*** Supplied records Section Begins ***

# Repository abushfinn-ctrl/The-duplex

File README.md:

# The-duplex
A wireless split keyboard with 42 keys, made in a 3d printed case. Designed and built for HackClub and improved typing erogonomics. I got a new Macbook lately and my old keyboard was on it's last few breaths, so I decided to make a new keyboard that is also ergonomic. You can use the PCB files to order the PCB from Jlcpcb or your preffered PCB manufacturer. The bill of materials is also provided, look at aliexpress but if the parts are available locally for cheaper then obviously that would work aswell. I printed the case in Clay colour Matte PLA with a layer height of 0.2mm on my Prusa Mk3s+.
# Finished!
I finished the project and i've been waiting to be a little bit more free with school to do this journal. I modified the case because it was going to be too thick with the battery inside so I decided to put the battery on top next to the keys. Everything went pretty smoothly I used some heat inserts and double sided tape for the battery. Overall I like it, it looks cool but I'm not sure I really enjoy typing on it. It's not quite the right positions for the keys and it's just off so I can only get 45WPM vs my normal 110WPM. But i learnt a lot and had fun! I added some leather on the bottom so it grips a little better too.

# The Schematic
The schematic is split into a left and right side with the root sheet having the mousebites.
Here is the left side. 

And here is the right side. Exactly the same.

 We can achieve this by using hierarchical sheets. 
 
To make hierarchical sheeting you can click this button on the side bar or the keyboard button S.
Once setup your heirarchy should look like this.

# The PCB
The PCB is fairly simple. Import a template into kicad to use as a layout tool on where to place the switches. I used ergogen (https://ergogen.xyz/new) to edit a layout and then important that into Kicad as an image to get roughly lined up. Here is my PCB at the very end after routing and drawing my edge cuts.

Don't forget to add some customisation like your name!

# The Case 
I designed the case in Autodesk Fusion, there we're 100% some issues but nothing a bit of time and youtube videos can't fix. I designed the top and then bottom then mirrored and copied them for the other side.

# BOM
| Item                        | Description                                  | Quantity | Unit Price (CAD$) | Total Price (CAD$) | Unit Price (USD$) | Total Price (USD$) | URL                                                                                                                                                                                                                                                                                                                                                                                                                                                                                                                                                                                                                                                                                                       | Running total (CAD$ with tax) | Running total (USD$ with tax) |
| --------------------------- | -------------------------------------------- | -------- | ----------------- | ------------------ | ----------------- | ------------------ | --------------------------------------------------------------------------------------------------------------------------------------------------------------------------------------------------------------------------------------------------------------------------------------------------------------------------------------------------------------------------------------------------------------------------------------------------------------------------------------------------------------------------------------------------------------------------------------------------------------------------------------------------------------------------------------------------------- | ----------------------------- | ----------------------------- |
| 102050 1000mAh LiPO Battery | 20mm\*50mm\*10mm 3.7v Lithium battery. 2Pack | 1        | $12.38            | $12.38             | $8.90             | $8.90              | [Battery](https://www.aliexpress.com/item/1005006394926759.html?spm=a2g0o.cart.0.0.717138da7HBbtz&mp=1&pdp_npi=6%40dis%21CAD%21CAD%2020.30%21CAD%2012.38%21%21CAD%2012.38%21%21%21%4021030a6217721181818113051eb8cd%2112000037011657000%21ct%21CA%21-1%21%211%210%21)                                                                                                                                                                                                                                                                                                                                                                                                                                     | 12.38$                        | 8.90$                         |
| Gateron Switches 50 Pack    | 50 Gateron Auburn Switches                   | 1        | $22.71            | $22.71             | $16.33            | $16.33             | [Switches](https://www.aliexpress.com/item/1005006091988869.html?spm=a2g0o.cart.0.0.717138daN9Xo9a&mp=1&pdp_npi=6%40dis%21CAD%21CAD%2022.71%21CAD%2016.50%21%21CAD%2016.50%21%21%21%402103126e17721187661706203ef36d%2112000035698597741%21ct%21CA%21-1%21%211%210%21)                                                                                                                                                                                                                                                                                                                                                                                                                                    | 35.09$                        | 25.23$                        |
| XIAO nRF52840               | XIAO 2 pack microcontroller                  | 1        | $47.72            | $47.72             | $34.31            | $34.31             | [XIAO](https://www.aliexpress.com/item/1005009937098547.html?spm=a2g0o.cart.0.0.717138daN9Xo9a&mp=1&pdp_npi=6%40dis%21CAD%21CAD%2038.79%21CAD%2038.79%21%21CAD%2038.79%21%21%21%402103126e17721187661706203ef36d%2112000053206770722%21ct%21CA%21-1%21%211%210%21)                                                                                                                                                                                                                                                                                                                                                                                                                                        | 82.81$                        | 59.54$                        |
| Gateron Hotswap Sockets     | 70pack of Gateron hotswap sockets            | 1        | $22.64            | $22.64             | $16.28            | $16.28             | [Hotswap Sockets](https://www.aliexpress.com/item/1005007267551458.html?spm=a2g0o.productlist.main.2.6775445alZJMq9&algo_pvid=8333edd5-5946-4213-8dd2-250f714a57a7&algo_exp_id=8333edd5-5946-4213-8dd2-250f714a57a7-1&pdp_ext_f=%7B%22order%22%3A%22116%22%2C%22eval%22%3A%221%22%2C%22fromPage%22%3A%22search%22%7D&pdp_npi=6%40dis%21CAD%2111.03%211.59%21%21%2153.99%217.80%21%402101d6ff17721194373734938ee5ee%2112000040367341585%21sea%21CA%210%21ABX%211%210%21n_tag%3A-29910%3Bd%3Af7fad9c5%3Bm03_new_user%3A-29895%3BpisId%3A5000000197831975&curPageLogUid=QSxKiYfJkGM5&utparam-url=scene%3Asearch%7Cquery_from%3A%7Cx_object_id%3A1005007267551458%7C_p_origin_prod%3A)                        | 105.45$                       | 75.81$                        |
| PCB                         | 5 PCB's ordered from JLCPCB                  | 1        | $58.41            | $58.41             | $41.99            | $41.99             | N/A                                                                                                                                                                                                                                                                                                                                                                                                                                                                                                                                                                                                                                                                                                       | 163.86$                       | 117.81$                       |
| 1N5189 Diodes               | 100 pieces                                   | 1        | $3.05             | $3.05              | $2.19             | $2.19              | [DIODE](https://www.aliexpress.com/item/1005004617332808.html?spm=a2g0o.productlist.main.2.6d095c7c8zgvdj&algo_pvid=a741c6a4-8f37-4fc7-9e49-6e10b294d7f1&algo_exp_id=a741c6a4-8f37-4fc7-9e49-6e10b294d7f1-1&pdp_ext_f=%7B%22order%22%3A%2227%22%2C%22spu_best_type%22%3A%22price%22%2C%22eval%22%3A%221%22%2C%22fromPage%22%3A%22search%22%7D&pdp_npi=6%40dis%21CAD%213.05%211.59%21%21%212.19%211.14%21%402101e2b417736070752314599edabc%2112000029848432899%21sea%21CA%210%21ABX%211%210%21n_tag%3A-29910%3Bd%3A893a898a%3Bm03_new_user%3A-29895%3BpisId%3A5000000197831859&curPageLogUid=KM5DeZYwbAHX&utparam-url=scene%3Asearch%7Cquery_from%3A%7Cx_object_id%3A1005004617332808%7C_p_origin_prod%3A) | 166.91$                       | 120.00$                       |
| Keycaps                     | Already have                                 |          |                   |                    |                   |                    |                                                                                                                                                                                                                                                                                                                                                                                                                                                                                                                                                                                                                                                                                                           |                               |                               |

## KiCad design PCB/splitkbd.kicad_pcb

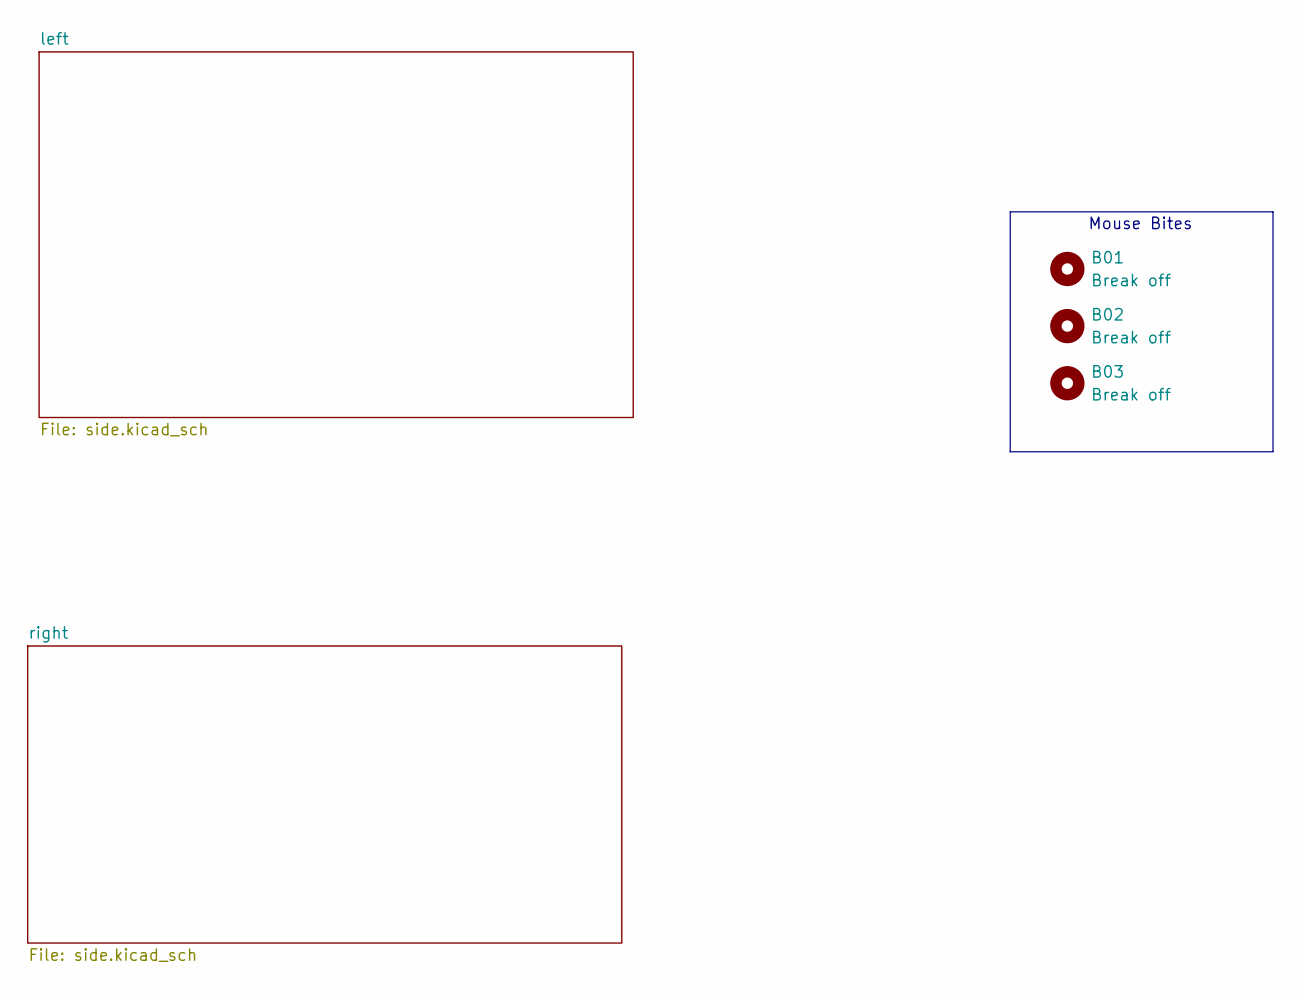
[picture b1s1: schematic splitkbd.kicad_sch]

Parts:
B01, B02, B03: Break off; mouse-bite-5mm-slot

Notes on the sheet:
Mouse Bites

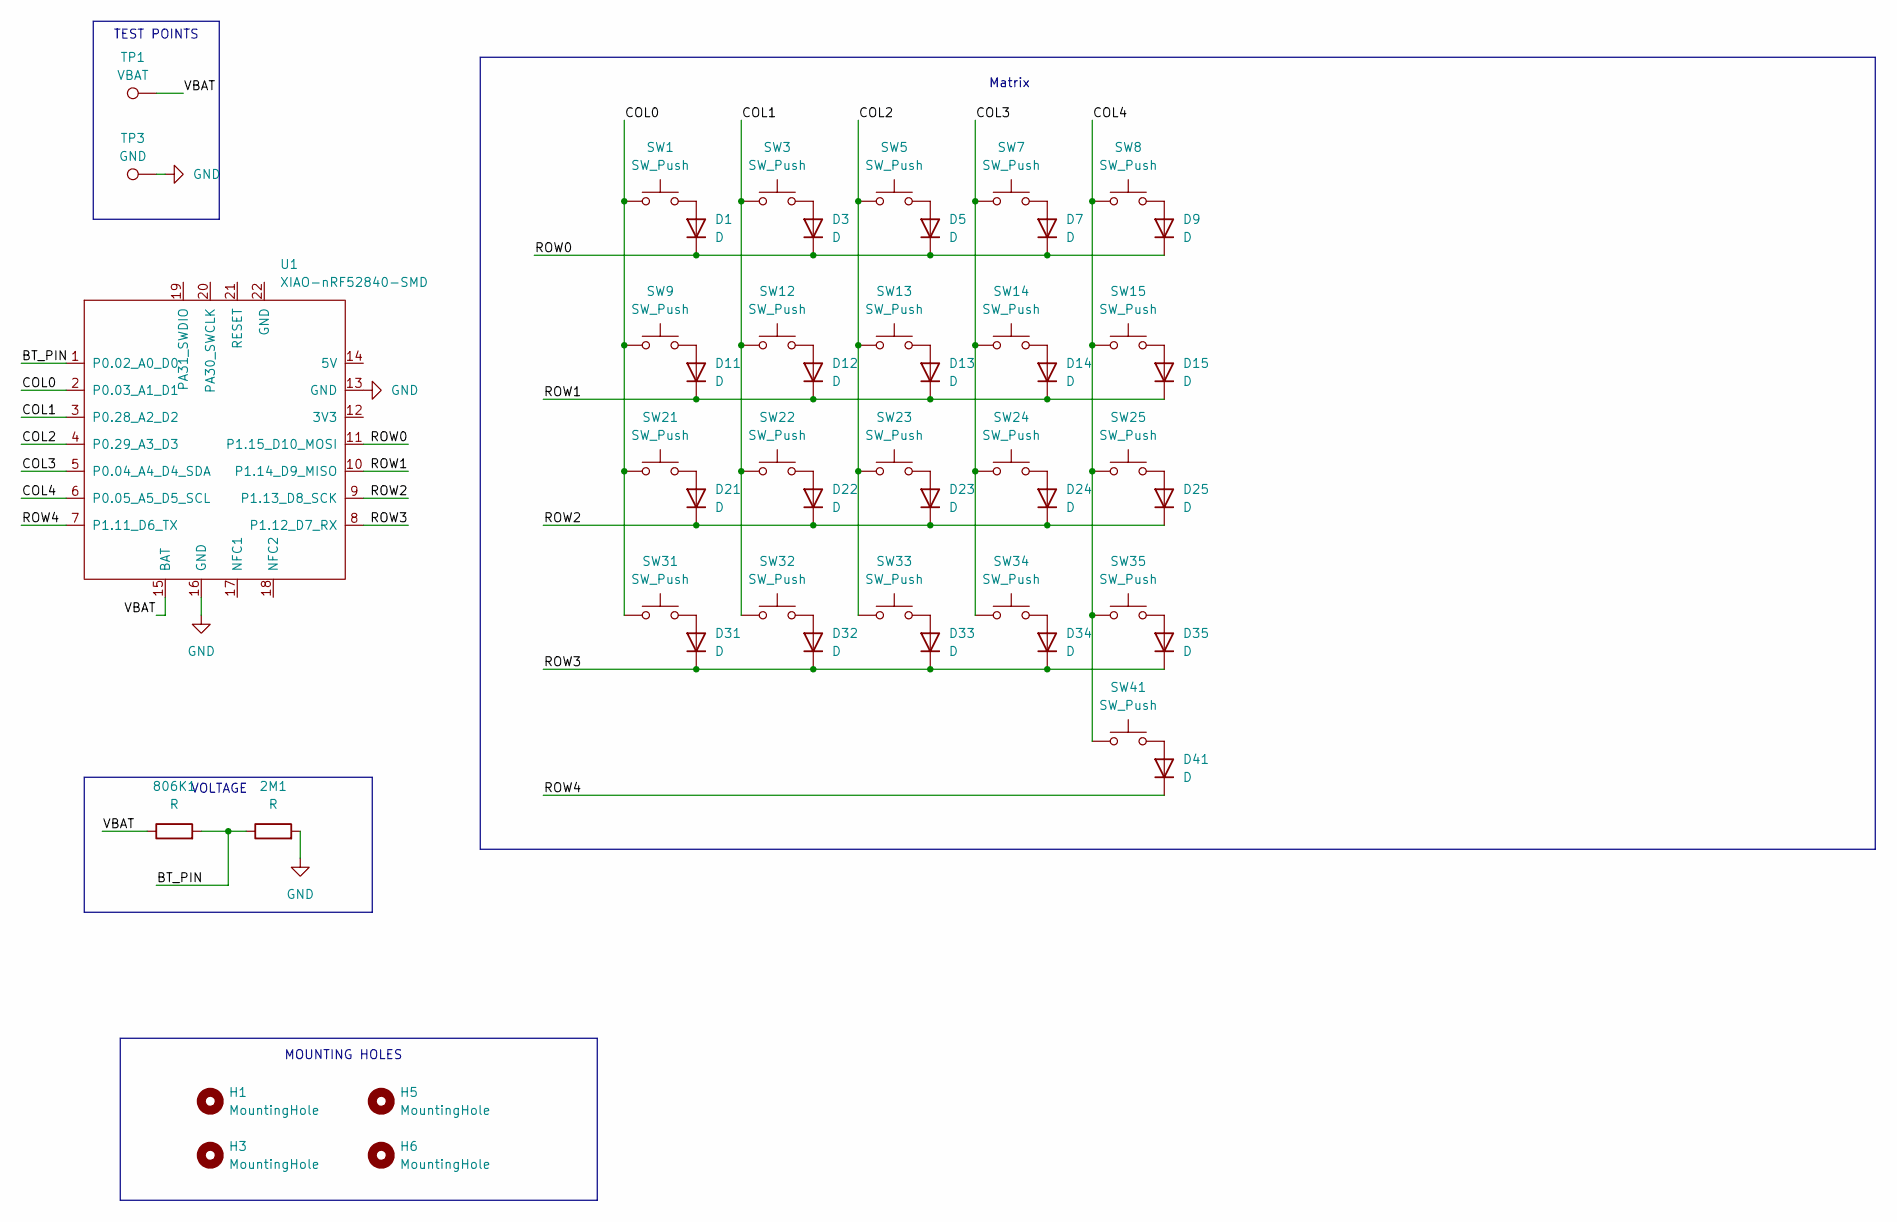
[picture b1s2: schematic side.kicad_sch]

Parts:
2M1, 806K1: R; R_0805_2012Metric
D1, D3, D5, D7, D9, D11, D12, D13, D14, D15, D21, D22, D23, D24, D25, D31, D32, D33, D34, D35, D41: D; D_SOD-123
H1, H3, H5, H6: MountingHole; MountingHole_3.2mm_M3
SW1, SW3, SW5, SW7, SW8, SW9, SW12, SW13, SW14, SW15, SW21, SW22, SW23, SW24, SW25, SW31, SW32, SW33, SW34, SW35, SW41: SW_Push; SW_MX_HS_CPG151101S11_1.25u
TP1: VBAT; TestPoint_Pad_2.0x2.0mm
TP3: GND; TestPoint_Pad_2.0x2.0mm
U1: XIAO-nRF52840-SMD; modified-XIAO-nRF52840-SMD

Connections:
/left/BT_PIN: 2M1.1, 806K1.2, U1.1 (P0.02_A0_D0)
/left/COL0: SW1.1, SW9.1, SW21.1, SW31.1, U1.2 (P0.03_A1_D1)
/left/COL1: SW3.1, SW12.1, SW22.1, SW32.1, U1.3 (P0.28_A2_D2)
/left/COL2: SW5.1, SW13.1, SW23.1, SW33.1, U1.4 (P0.29_A3_D3)
/left/COL3: SW7.1, SW14.1, SW24.1, SW34.1, U1.5 (P0.04_A4_D4_SDA)
/left/COL4: SW8.1, SW15.1, SW25.1, SW35.1, SW41.1, U1.6 (P0.05_A5_D5_SCL)
/left/ROW0: D1.1 (K), D3.1 (K), D5.1 (K), D7.1 (K), D9.1 (K), U1.11 (P1.15_D10_MOSI)
/left/ROW1: D11.1 (K), D12.1 (K), D13.1 (K), D14.1 (K), D15.1 (K), U1.10 (P1.14_D9_MISO)
/left/ROW2: D21.1 (K), D22.1 (K), D23.1 (K), D24.1 (K), D25.1 (K), U1.9 (P1.13_D8_SCK)
/left/ROW3: D31.1 (K), D32.1 (K), D33.1 (K), D34.1 (K), D35.1 (K), U1.8 (P1.12_D7_RX)
/left/ROW4: D41.1 (K), U1.7 (P1.11_D6_TX)
/left/VBAT: 806K1.1, TP1.1, U1.15 (BAT)
GND: 2M1.2, TP3.1, U1.13 (GND), U1.16 (GND); also elsewhere on the board
unnamed: D1.2 (A), SW1.2
unnamed: D3.2 (A), SW3.2
unnamed: D5.2 (A), SW5.2
unnamed: D7.2 (A), SW7.2
unnamed: D9.2 (A), SW8.2
unnamed: D11.2 (A), SW9.2
unnamed: D12.2 (A), SW12.2
unnamed: D13.2 (A), SW13.2
unnamed: D14.2 (A), SW14.2
unnamed: D15.2 (A), SW15.2
unnamed: D21.2 (A), SW21.2
unnamed: D22.2 (A), SW22.2
unnamed: D23.2 (A), SW23.2
unnamed: D24.2 (A), SW24.2
unnamed: D25.2 (A), SW25.2
unnamed: D31.2 (A), SW31.2
unnamed: D32.2 (A), SW32.2
unnamed: D33.2 (A), SW33.2
unnamed: D34.2 (A), SW34.2
unnamed: D35.2 (A), SW35.2
unnamed: D41.2 (A), SW41.2

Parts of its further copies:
D2, D4, D6, D8, D10, D16, D17, D18, D19, D20, D26, D27, D28, D29, D30, D36, D37, D38, D39, D40, D42: D; D_SOD-123
H2, H4, H7, H8: MountingHole; MountingHole_3.2mm_M3
R2, R4: R; R_0805_2012Metric
SW2, SW4, SW6, SW10, SW11, SW16, SW17, SW18, SW19, SW20, SW26, SW27, SW28, SW29, SW30, SW36, SW37, SW38, SW39, SW40, SW42: SW_Push; SW_MX_HS_CPG151101S11_1.25u
TP2: VBAT; TestPoint_Pad_2.0x2.0mm
TP4: GND; TestPoint_Pad_2.0x2.0mm
U2: XIAO-nRF52840-SMD; modified-XIAO-nRF52840-SMD

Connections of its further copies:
/right/BT_PIN: R2.2, R4.1, U2.1 (P0.02_A0_D0)
/right/COL0: SW2.1, SW16.1, SW26.1, SW36.1, U2.2 (P0.03_A1_D1)
/right/COL1: SW4.1, SW17.1, SW27.1, SW37.1, U2.3 (P0.28_A2_D2)
/right/COL2: SW6.1, SW18.1, SW28.1, SW38.1, U2.4 (P0.29_A3_D3)
/right/COL3: SW10.1, SW19.1, SW29.1, SW39.1, U2.5 (P0.04_A4_D4_SDA)
/right/COL4: SW11.1, SW20.1, SW30.1, SW40.1, SW42.1, U2.6 (P0.05_A5_D5_SCL)
/right/ROW0: D2.1 (K), D4.1 (K), D6.1 (K), D8.1 (K), D10.1 (K), U2.11 (P1.15_D10_MOSI)
/right/ROW1: D16.1 (K), D17.1 (K), D18.1 (K), D19.1 (K), D20.1 (K), U2.10 (P1.14_D9_MISO)
/right/ROW2: D26.1 (K), D27.1 (K), D28.1 (K), D29.1 (K), D30.1 (K), U2.9 (P1.13_D8_SCK)
/right/ROW3: D36.1 (K), D37.1 (K), D38.1 (K), D39.1 (K), D40.1 (K), U2.8 (P1.12_D7_RX)
/right/ROW4: D42.1 (K), U2.7 (P1.11_D6_TX)
/right/VBAT: R2.1, TP2.1, U2.15 (BAT)
GND: R4.2, TP4.1, U2.13 (GND), U2.16 (GND); also elsewhere on the board
unnamed: D2.2 (A), SW2.2
unnamed: D4.2 (A), SW4.2
unnamed: D6.2 (A), SW6.2
unnamed: D8.2 (A), SW10.2
unnamed: D10.2 (A), SW11.2
unnamed: D16.2 (A), SW16.2
unnamed: D17.2 (A), SW17.2
unnamed: D18.2 (A), SW18.2
unnamed: D19.2 (A), SW19.2
unnamed: D20.2 (A), SW20.2
unnamed: D26.2 (A), SW26.2
unnamed: D27.2 (A), SW27.2
unnamed: D28.2 (A), SW28.2
unnamed: D29.2 (A), SW29.2
unnamed: D30.2 (A), SW30.2
unnamed: D36.2 (A), SW36.2
unnamed: D37.2 (A), SW37.2
unnamed: D38.2 (A), SW38.2
unnamed: D39.2 (A), SW39.2
unnamed: D40.2 (A), SW40.2
unnamed: D42.2 (A), SW42.2

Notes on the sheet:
VOLTAGE
MOUNTING HOLES
TEST POINTS
Matrix

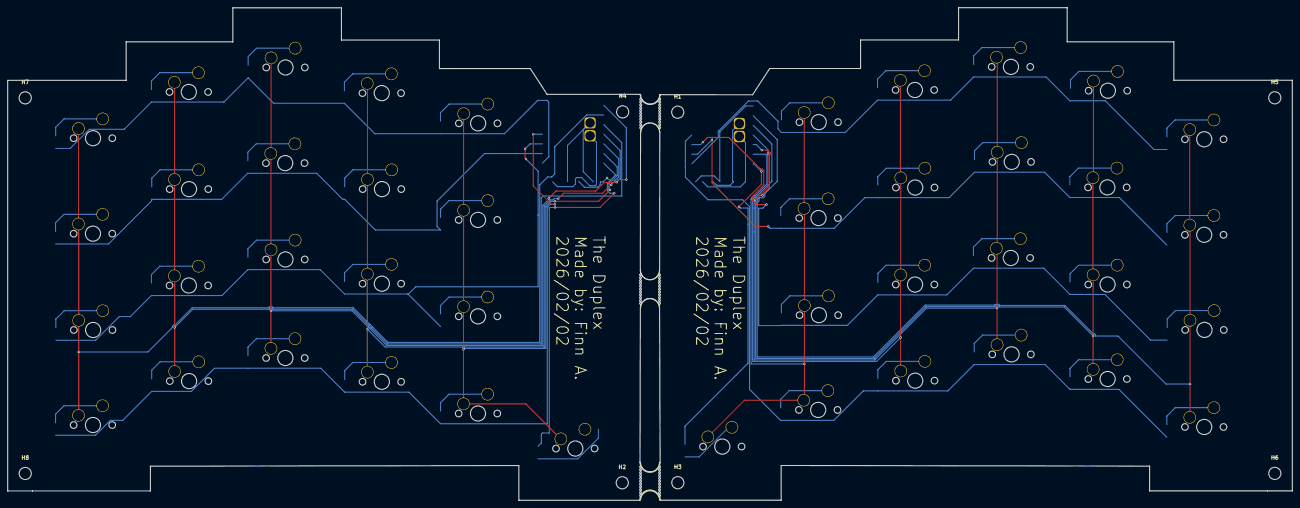
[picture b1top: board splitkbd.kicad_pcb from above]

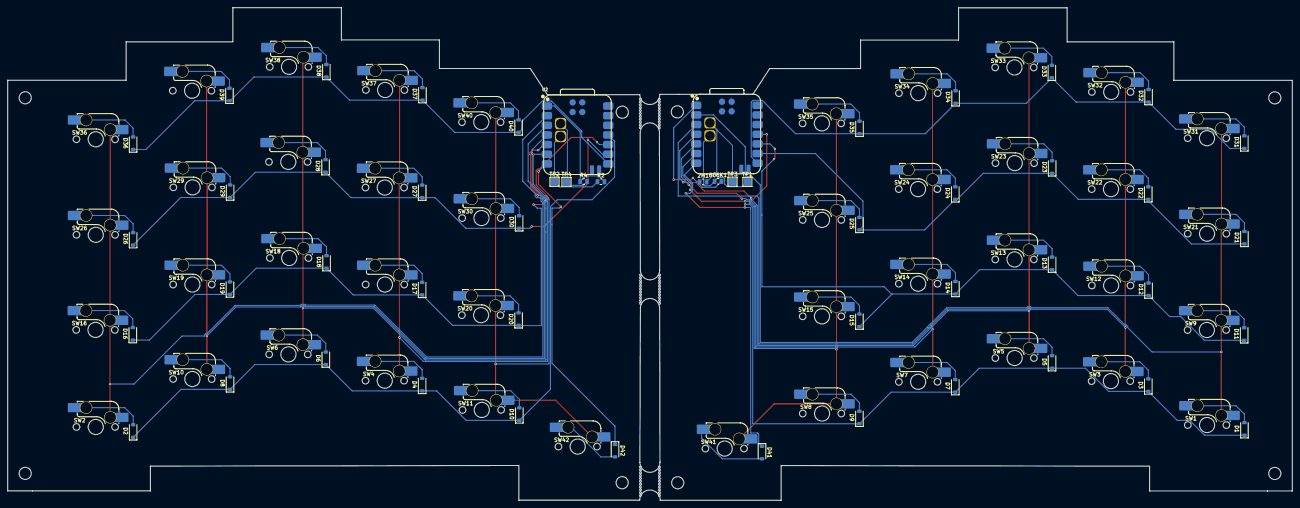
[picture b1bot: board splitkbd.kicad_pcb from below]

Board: 2 copper layers, 338.3 x 129.7 mm, 105 parts (94 on the bottom side), 67 nets.

*** Supplied records Section Ends ***

● Exercise objective
Copy only this, please: the line with "unnamed: D29.2 (A), SW29.2" and every line after it through the end of the data, with no pictures.

● Result
unnamed: D29.2 (A), SW29.2
unnamed: D30.2 (A), SW30.2
unnamed: D36.2 (A), SW36.2
unnamed: D37.2 (A), SW37.2
unnamed: D38.2 (A), SW38.2
unnamed: D39.2 (A), SW39.2
unnamed: D40.2 (A), SW40.2
unnamed: D42.2 (A), SW42.2

Notes on the sheet:
VOLTAGE
MOUNTING HOLES
TEST POINTS
Matrix

[picture b1top: board splitkbd.kicad_pcb from above]

[picture b1bot: board splitkbd.kicad_pcb from below]

Board: 2 copper layers, 338.3 x 129.7 mm, 105 parts (94 on the bottom side), 67 nets.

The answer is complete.